I am trying to find why "dent" is feminine, "la dent" rather than "le dent". It seems that it was once masculine, as in Latin and the other romance languages, until the 14th century, and there are regional expressions such as "rire des gros dents" in which it is still so. What happened to "dent" then? Was it a euphemism, to make it sound daintier, more ladylike?


----------



## Xence

D'après le dictionnaire étymologique et ethnologique des parlers brionnais, aussi bien le masculin que le féminin sont attestés dans l'ancien français, au XIe siècle. C'est ce qu'on peut lire aussi dans la partie étymologique du TLF (le féminin est attesté en 1100), lequel TLF suggère que l'emploi du féminin serait peut-être dû à Cassius Felix (au Ve siècle).


----------



## lorenzogranada

Et c'est qui, ce Cassius Felix?


----------



## Xence

> Originaire de Numidie, Cassius Felix, probablement médecin, entendait dans _De la Médecine_, fournir en un abrégé latin l’intégralité du savoir des auteurs grecs de la secte logique.
> 
> Source


----------



## lorenzogranada

Le français n'existait pas à son époque, alors comment a-t-il pu l'influencer?


----------



## Xence

Oui, mais le féminin existe dans le latin. C'est probablement cette forme qui a fini par être adoptée dans le français moderne.


----------



## lorenzogranada

merci  j'ignorais que dent etait aussi feminin en latin!


----------



## Xence

Attention, c'est ce que dit le TLF (pas Xence!)  :


> Du lat. _dens, dentis_ masc. (peut-être employé au fém. par Cassius Felix ds _TLL s.v.,_ 537, 41)


----------



## lorenzogranada

je trouve que c'est un peu recherché comme explication.  plus probablement, il s'agit d'un euphemisme, par ex. un poete aurait pu ecrire sur les dents de sa maitresse comme des "belles dents" et puis c'est devenu a la mode.  on a bcp de transformations similaires en francais.  Au 17eme on appelait les dents "l'ameublement de la bouche" par ex. pour faire moins vulgaire.


----------



## Fred_C

Mais enfin ! Ce n'est pas parce qu'une histoire vous plaît qu'elle est vraie !
Quoi qu'il en soit, le TLF n'explique pas pourquoi Cassius Felix employait ce mot latin au féminin. Ce qui repousse le problème.
Et puis... Faire une faute exprès n'a jamais rendu un mot plus joli, au contraire...
Le genre des mots n'a rien à voir avec le sexe des gens. Accorder le genre d'un nom au sexe d'une personne n'est pas une figure poétique ; ça sonne comme une faute, et c'est donc désagréable à entendre.
C'est pourquoi je pense que votre histoire est invraisemblable.


----------



## tilt

Fred_C said:


> Mais enfin ! Ce n'est pas parce qu'une histoire vous plaît qu'elle est vraie !


C'est certain ! 
Mais je n'ai pas le sentiment que Lorenzogranada l'ait prétendu.
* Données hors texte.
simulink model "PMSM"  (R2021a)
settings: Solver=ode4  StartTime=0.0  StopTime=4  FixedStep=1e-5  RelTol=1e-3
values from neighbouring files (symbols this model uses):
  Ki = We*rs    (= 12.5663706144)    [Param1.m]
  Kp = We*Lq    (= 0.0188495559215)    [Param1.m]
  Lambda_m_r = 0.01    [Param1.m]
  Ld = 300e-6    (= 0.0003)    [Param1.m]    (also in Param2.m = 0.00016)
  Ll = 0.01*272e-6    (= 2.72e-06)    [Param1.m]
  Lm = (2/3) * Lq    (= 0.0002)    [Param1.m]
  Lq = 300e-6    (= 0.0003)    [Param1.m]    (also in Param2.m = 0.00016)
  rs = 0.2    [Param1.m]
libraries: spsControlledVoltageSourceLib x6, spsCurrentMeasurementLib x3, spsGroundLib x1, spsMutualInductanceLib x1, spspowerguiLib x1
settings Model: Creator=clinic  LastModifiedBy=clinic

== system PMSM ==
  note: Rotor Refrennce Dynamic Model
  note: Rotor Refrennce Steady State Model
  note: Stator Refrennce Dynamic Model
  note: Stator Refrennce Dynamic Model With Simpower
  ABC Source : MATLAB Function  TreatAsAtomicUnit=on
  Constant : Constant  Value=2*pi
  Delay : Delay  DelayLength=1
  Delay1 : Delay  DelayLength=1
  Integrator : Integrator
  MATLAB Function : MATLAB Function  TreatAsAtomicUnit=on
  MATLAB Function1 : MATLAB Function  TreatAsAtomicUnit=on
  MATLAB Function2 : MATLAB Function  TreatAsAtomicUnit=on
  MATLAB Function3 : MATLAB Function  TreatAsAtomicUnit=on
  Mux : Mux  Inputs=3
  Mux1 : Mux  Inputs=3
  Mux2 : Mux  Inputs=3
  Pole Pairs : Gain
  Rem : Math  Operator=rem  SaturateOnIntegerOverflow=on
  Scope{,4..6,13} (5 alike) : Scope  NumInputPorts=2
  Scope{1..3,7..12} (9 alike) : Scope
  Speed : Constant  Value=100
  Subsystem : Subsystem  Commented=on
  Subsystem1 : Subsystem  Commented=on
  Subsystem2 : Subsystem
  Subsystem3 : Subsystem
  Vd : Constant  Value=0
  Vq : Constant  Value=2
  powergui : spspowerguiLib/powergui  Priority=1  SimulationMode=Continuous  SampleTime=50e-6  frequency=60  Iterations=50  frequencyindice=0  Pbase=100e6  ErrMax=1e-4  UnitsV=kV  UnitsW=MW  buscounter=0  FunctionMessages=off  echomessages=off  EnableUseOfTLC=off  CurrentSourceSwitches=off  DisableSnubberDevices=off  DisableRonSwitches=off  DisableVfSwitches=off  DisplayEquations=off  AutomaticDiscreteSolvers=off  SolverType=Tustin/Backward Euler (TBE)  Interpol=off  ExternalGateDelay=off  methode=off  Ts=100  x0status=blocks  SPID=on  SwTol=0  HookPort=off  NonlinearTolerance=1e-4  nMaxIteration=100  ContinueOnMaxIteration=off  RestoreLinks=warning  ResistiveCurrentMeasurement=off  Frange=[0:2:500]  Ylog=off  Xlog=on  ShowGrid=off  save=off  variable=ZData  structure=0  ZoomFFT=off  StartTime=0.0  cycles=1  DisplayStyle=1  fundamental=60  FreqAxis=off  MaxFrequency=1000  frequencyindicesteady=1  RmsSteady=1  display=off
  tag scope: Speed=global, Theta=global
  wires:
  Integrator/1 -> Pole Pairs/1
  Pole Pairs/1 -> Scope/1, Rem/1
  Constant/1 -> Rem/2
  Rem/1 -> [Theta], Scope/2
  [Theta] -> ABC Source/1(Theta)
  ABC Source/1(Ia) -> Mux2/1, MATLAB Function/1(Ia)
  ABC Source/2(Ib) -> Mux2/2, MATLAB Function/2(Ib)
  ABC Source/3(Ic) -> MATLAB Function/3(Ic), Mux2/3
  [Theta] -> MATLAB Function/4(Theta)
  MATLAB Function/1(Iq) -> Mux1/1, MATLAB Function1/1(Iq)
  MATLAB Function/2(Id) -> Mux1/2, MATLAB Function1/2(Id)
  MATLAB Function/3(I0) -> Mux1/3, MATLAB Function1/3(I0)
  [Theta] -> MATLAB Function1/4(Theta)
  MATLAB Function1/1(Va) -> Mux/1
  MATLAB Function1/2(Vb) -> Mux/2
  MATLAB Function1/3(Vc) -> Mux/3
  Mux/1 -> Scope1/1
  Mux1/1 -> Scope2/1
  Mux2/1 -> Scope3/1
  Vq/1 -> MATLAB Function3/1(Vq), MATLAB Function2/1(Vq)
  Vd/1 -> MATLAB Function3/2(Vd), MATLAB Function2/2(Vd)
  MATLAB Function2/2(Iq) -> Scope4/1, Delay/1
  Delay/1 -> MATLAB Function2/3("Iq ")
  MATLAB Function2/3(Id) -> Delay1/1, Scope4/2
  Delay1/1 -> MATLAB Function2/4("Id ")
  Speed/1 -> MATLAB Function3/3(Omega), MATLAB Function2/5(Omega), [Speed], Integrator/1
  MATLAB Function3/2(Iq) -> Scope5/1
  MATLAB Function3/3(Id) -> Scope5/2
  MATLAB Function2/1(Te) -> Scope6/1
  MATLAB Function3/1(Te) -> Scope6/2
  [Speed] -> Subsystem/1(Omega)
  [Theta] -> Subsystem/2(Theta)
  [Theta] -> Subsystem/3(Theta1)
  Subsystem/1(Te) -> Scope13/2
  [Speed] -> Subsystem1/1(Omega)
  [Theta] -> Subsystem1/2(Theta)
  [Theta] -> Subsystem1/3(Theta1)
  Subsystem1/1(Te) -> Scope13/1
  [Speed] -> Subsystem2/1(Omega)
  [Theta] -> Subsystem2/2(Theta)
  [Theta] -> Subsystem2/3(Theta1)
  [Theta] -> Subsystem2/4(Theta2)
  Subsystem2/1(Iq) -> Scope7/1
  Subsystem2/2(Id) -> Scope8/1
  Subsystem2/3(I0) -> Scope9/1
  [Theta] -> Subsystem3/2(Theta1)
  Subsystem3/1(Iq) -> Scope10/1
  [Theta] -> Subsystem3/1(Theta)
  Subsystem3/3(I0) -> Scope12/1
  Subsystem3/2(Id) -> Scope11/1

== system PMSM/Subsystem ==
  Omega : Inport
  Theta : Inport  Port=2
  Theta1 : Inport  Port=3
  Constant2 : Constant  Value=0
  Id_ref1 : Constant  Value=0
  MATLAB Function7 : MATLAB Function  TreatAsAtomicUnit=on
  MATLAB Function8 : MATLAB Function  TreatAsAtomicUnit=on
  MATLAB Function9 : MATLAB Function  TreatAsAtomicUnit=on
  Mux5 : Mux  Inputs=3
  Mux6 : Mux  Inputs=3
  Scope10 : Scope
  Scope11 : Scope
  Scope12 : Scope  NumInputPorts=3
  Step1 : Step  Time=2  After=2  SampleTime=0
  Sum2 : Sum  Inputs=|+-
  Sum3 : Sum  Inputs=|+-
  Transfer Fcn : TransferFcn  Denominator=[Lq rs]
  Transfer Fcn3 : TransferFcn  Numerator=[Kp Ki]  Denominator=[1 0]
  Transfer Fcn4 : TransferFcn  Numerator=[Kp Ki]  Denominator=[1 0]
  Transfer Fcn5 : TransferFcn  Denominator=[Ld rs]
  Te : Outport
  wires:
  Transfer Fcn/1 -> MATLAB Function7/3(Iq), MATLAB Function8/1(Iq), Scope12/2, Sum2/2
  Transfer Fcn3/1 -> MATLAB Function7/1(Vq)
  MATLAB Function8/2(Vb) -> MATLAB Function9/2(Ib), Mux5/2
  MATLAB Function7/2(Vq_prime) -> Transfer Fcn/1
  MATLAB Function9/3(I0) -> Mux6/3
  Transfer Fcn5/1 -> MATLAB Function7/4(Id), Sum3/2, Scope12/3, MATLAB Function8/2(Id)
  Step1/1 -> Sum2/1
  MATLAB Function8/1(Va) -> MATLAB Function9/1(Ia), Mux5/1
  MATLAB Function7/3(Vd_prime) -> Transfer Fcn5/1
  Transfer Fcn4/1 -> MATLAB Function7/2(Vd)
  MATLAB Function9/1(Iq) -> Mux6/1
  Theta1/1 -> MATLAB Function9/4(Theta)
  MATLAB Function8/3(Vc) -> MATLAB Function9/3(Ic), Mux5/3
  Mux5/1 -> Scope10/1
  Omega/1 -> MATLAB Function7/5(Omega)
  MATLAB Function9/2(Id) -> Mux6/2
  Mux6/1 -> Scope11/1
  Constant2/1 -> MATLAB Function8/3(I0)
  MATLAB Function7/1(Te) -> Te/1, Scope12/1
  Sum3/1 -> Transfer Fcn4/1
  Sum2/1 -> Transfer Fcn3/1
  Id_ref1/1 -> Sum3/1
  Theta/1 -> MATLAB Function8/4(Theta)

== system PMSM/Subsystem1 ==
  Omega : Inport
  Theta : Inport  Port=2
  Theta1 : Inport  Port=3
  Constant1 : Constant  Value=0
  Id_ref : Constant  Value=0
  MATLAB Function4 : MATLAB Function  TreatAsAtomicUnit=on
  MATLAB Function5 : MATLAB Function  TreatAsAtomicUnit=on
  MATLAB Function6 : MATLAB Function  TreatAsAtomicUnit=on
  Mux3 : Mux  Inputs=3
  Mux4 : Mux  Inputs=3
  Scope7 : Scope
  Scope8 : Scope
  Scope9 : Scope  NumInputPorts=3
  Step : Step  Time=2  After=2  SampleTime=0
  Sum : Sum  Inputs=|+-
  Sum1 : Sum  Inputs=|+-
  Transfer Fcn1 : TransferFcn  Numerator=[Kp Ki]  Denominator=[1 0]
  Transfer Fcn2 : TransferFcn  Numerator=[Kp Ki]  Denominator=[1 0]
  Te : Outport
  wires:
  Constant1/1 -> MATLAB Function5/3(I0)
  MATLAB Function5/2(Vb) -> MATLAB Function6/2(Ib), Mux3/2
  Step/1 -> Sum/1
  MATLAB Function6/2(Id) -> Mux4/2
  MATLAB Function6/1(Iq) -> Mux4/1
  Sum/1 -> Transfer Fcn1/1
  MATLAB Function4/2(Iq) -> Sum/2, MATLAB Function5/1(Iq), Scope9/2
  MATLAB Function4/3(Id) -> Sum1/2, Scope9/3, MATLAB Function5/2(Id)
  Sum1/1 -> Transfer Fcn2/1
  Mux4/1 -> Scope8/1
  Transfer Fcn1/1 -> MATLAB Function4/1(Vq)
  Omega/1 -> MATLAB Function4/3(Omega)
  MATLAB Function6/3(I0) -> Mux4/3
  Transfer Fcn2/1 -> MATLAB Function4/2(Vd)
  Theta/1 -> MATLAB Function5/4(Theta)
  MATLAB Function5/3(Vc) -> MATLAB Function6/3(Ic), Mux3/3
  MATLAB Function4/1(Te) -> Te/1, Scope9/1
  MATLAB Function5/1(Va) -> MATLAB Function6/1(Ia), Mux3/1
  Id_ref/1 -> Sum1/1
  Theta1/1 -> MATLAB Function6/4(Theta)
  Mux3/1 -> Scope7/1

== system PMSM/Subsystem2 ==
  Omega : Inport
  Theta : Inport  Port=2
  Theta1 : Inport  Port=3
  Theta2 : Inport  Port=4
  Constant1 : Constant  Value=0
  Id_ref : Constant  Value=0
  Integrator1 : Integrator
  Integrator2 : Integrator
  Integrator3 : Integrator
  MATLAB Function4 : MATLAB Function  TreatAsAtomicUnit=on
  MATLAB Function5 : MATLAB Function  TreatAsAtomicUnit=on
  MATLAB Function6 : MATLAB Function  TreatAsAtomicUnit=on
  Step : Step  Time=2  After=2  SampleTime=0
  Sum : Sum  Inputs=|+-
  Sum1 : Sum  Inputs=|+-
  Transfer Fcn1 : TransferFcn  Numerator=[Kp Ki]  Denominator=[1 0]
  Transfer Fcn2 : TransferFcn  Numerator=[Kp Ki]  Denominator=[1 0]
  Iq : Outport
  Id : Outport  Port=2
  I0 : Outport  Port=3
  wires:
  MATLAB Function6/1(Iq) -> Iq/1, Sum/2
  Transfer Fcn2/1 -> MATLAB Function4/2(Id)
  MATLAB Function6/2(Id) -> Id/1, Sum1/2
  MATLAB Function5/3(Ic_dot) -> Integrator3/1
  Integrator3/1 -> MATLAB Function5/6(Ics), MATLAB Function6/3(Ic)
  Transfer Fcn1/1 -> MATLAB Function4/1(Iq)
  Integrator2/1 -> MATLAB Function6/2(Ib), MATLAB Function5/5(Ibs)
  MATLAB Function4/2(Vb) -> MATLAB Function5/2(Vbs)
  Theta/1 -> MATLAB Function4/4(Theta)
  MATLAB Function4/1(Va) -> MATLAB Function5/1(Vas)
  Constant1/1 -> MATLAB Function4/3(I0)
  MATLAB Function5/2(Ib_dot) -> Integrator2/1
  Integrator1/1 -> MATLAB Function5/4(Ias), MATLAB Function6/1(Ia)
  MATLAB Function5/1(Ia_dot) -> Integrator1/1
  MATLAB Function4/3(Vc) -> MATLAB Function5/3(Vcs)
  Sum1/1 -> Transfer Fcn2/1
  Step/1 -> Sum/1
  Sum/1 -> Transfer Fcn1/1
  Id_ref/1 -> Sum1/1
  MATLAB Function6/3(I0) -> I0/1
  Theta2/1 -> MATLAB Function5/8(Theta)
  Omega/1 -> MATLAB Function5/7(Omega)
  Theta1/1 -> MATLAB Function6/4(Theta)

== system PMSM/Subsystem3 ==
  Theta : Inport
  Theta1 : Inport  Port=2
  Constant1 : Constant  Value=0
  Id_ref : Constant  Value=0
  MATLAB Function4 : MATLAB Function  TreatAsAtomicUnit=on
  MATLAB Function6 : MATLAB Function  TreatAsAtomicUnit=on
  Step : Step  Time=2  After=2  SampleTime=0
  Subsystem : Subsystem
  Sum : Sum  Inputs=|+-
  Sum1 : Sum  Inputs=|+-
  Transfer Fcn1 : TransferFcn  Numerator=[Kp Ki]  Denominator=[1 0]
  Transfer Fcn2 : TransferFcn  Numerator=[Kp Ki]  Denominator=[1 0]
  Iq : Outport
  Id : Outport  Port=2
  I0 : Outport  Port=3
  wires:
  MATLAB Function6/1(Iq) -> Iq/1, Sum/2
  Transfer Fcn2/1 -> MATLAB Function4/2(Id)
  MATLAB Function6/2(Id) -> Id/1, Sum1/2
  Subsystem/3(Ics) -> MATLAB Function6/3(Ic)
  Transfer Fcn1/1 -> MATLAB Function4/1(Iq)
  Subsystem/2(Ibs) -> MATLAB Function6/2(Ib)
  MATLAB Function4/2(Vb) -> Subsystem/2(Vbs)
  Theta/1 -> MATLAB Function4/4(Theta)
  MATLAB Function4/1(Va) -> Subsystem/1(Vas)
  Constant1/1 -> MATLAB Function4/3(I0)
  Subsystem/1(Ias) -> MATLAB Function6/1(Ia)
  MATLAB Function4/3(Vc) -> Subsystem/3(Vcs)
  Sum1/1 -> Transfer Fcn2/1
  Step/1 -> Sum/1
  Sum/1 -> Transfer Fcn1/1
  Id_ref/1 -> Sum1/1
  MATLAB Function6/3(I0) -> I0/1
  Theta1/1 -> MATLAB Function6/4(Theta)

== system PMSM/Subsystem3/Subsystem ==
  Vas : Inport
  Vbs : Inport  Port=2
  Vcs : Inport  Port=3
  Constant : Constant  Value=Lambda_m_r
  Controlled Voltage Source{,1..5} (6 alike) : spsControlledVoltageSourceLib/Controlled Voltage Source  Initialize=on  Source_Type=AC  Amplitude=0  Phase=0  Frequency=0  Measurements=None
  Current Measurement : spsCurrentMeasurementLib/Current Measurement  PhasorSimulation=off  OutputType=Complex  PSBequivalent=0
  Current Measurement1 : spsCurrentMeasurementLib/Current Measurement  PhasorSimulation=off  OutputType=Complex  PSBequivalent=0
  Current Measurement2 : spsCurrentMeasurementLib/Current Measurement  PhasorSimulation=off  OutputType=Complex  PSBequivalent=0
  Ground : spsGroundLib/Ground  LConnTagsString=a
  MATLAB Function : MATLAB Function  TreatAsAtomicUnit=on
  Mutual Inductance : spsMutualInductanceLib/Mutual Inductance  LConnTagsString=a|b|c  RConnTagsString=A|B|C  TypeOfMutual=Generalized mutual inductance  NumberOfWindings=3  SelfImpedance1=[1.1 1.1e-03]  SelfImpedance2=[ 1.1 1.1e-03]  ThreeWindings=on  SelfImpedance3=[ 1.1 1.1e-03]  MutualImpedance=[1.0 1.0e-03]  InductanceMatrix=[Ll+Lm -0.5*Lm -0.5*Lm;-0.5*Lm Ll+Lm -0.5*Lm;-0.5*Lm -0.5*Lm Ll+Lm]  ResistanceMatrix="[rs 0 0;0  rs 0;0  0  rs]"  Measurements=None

Il demandé si quelqu'un savait le _pourquoi _de ce changement de genre, et rien de ce qui a été dit jusqu'ici n'y répond. On n'a abordé que le _quand_, et encore, de manière très approximative.
Je ne suis d'ailleurs pas persuadé qu'il soit possible d'apporter une réponse à sa question. En matière de langue plus que dans beaucoup d'autres domaines, je crois, il faut parfois savoir se contenter d'un _parce que c'est comme ça_. 



Fred_C said:


> Quoi qu'il en soit, le TLF n'explique pas pourquoi Cassius Felix employait ce mot latin au féminin. Ce qui repousse le problème.


Nous sommes bien d'accord !


----------



## CapnPrep

Quoi qu'il en soit, ce changement ne peut pas être le fait d'une seule personne, ni poète ni probable médecin.

La remarque du TLF suggère que le genre de _dens_ était déjà instable en latin tardif. Mais étant donné qu'il est resté masculin dans la plupart des langues voisines (exception faite du catalan et de l'occitan, ... ?), on peut préférer penser que le changement est survenu plus tard pour ne concerner que le gallo-roman.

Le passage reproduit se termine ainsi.